Work to be completed -
From the line with "#22801 = EDGE_LOOP" through the line with "#27739 = VECTOR", inclusive, return each line of the data below exactly and leave the rest out.

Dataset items
┌──

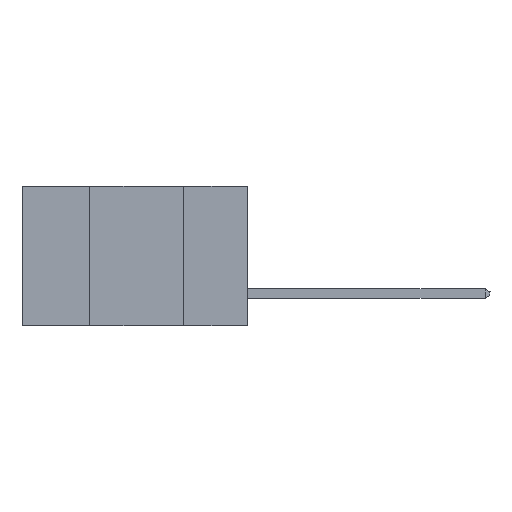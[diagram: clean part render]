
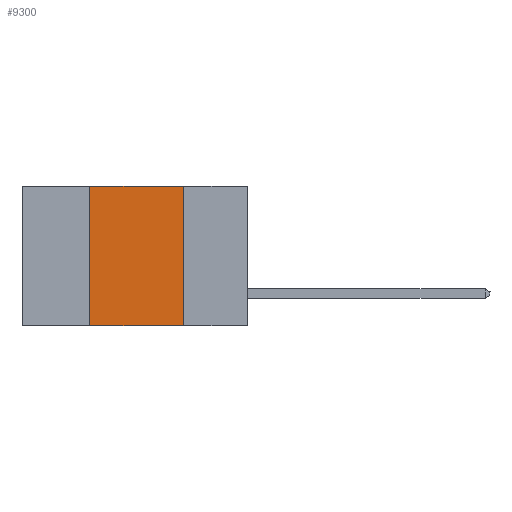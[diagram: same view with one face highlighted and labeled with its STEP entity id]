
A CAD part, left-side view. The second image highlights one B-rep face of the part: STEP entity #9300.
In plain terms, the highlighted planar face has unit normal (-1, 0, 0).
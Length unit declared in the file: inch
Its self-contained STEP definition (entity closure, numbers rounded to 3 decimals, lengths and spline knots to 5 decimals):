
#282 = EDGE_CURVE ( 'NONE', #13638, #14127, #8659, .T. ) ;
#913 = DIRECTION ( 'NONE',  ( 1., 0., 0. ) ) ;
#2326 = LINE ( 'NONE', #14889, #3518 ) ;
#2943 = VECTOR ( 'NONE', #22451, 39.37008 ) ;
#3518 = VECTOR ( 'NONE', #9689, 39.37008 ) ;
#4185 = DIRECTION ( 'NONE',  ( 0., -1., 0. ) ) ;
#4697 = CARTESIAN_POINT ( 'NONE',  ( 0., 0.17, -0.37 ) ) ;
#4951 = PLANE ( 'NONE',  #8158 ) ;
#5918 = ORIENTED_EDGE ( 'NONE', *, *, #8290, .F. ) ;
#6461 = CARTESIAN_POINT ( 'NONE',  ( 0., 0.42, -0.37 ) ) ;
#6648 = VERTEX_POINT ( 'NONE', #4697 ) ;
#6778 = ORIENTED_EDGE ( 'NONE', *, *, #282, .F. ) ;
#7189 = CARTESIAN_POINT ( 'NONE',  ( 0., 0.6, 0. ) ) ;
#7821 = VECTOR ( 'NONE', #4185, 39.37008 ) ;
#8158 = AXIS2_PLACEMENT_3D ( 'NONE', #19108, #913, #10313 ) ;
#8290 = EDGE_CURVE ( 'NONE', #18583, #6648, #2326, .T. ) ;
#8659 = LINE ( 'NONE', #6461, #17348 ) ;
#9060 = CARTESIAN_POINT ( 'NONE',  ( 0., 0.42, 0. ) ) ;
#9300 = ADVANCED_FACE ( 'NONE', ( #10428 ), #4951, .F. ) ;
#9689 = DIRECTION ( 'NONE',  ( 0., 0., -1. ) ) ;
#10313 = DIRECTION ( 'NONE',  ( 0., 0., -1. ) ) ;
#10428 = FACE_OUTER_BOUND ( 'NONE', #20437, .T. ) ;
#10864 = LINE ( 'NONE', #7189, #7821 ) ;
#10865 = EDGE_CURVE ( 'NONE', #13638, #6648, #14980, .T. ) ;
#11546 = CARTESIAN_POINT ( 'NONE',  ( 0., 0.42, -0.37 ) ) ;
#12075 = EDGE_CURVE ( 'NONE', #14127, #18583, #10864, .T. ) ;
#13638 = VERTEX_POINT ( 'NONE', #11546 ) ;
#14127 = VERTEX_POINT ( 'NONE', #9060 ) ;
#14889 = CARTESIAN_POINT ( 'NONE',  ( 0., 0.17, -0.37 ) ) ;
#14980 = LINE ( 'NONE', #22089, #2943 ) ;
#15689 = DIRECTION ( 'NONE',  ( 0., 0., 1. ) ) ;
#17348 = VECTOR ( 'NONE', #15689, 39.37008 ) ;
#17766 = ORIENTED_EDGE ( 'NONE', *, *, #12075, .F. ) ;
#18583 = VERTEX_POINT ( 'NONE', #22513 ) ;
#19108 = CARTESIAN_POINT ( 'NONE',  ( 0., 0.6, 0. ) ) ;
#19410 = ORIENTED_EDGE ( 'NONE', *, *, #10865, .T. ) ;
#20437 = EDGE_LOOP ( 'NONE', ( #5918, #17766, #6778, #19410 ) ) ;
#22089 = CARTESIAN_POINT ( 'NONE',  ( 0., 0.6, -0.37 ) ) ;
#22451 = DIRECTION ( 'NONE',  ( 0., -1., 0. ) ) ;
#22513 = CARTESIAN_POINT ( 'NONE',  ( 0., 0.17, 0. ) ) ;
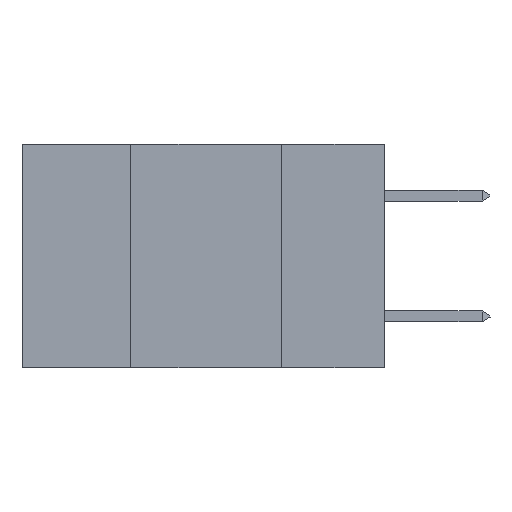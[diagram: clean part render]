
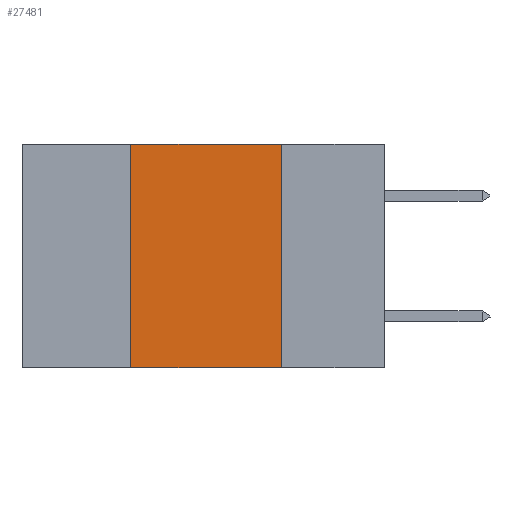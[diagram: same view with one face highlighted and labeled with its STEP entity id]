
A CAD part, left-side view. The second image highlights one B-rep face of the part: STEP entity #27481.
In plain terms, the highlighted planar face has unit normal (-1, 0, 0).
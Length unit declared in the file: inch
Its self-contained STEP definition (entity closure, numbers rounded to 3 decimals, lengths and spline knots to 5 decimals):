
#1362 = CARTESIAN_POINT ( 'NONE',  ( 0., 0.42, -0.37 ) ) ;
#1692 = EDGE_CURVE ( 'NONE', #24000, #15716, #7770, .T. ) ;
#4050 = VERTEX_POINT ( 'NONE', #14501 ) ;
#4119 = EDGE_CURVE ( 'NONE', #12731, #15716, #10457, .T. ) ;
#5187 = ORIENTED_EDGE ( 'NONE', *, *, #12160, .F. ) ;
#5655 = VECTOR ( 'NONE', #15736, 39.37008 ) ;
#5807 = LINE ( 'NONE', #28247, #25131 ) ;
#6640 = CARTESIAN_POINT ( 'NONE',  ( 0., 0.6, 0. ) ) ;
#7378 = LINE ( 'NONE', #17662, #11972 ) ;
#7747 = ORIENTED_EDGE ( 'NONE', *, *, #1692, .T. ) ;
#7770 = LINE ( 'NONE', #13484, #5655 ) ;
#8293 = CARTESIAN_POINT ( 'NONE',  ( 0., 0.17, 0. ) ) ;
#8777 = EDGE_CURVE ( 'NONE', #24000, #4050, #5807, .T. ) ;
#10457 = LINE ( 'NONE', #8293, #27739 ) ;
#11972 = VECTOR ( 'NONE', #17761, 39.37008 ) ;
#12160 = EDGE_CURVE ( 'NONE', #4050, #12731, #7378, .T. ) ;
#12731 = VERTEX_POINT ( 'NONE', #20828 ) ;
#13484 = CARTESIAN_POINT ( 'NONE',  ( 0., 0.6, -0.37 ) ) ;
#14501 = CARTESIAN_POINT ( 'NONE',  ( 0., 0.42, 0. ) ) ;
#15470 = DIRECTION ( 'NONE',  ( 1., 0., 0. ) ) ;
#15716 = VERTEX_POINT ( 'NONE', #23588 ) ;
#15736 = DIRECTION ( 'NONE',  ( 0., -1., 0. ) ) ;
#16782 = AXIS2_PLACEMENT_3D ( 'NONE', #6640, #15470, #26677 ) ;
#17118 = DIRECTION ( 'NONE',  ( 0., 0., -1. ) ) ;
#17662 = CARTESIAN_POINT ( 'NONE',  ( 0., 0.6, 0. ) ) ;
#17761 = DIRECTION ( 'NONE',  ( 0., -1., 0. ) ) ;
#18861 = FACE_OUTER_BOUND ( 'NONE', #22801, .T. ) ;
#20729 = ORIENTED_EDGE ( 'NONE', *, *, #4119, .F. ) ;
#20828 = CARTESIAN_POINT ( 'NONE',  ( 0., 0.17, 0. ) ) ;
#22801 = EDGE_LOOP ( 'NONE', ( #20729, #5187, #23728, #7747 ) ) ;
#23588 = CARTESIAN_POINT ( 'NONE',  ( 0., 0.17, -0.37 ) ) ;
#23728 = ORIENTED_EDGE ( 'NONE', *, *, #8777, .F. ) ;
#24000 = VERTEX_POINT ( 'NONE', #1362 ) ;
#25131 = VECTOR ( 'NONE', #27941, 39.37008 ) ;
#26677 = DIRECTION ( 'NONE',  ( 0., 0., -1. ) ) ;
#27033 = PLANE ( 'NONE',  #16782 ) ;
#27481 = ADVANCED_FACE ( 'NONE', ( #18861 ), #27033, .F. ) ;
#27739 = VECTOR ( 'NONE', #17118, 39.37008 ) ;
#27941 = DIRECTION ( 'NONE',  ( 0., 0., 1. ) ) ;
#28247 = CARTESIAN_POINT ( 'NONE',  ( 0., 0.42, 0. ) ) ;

└──

Solved exercise -
#22801 = EDGE_LOOP ( 'NONE', ( #20729, #5187, #23728, #7747 ) ) ;
#23588 = CARTESIAN_POINT ( 'NONE',  ( 0., 0.17, -0.37 ) ) ;
#23728 = ORIENTED_EDGE ( 'NONE', *, *, #8777, .F. ) ;
#24000 = VERTEX_POINT ( 'NONE', #1362 ) ;
#25131 = VECTOR ( 'NONE', #27941, 39.37008 ) ;
#26677 = DIRECTION ( 'NONE',  ( 0., 0., -1. ) ) ;
#27033 = PLANE ( 'NONE',  #16782 ) ;
#27481 = ADVANCED_FACE ( 'NONE', ( #18861 ), #27033, .F. ) ;
#27739 = VECTOR ( 'NONE', #17118, 39.37008 ) ;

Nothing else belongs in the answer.